WORKING DATA:
- Opening Delimiter -

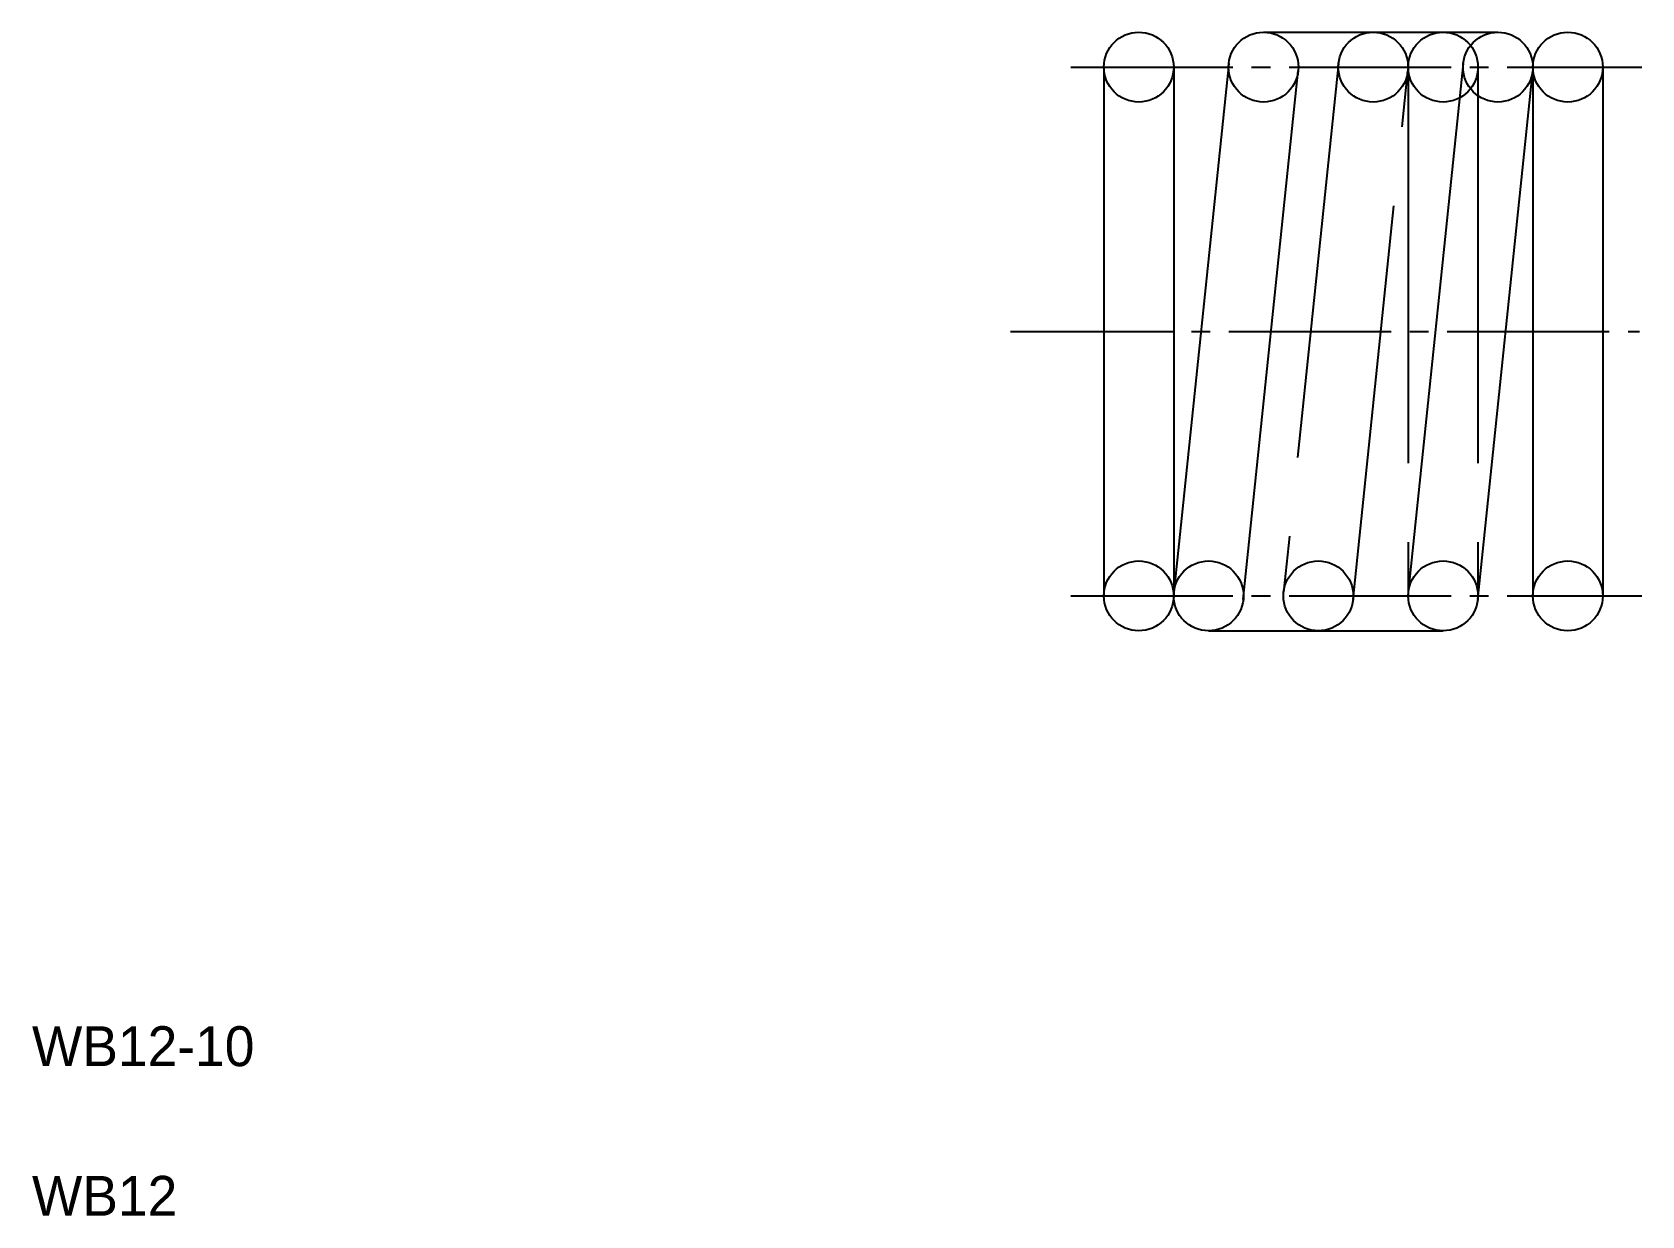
# Model space of a CAD drawing. Extents: x 2 to 34.3, y 2 to 25.7.
import ezdxf

# ---------------------------------------------------------------- set-up
doc = ezdxf.new("R2010")
doc.units = 0
doc.header["$LTSCALE"] = 0.25
doc.linetypes.add('CENTER', pattern=[17.5, 13, -1.5, 1.5, -1.5])
doc.linetypes.add('PHANTOM', pattern=[63.5, 31.75, -6.35, 6.35, -6.35, 6.35, -6.35])
doc.layers.get('0').update_dxf_attribs({"linetype": 'CONTINUOUS'})
doc.layers.add('CENTER', color=1, linetype='CENTER')

msp = doc.modelspace()

# ---------------------------------------------------------------- linework, layer by layer
at = {"color": 3, "linetype": 'PHANTOM'}
for p, q in [((26.685, 25.727), (31.385, 25.727)), ((28.188, 25.099), (27.088, 14.499)), ((28.481, 14.354), (29.581, 24.954)), ((29.585, 25.027), (29.585, 14.427)), ((30.985, 25.027), (30.985, 14.427)), ((25.585, 13.727), (30.285, 13.727))]:
    msp.add_line(p, q, dxfattribs=at)
at = {"color": 7}
for p, q in [((23.485, 25.027), (23.485, 14.427)), ((24.885, 25.027), (24.885, 14.427)), ((25.988, 25.099), (24.888, 14.499)), ((26.281, 14.354), (27.381, 24.954)), ((30.685, 25.099), (29.585, 14.499)), ((30.981, 14.354), (32.081, 24.954)), ((32.085, 25.027), (32.085, 14.427)), ((33.485, 25.027), (33.485, 14.427))]:
    msp.add_line(p, q, dxfattribs=at)
for p, q in [((30.41, 22.449), (30.41, 22.449)), ((30.135, 19.799), (30.135, 19.799))]:
    msp.add_line(p, q)
for centre in [(24.185, 25.027), (26.685, 25.027), (31.385, 25.027), (32.785, 25.027), (24.185, 14.427), (25.585, 14.427), (32.785, 14.427)]:
    msp.add_circle(centre, 0.7, dxfattribs=at)
at = {"color": 3, "linetype": 'PHANTOM'}
for centre in [(28.885, 25.027), (30.285, 25.027), (27.785, 14.427), (30.285, 14.427)]:
    msp.add_circle(centre, 0.7, dxfattribs=at)
at = {"layer": 'CENTER', "color": 1, "linetype": 'CENTER'}
for p, q in [((22.823, 25.027), (34.268, 25.027)), ((21.617, 19.727), (34.219, 19.727)), ((22.823, 14.427), (34.268, 14.427))]:
    msp.add_line(p, q, dxfattribs=at)

# ---------------------------------------------------------------- texts
for s, p in [('WB12-10', (2, 5)), ('WB12', (2, 2))]:
    msp.add_text(s, height=0.8).set_placement(p)

doc.saveas('drawing.dxf')

- Closing Delimiter -

WHAT IS EXPECTED: Please give only the number of lines above that contain "drawing".

SOLVED EXERCISE: 2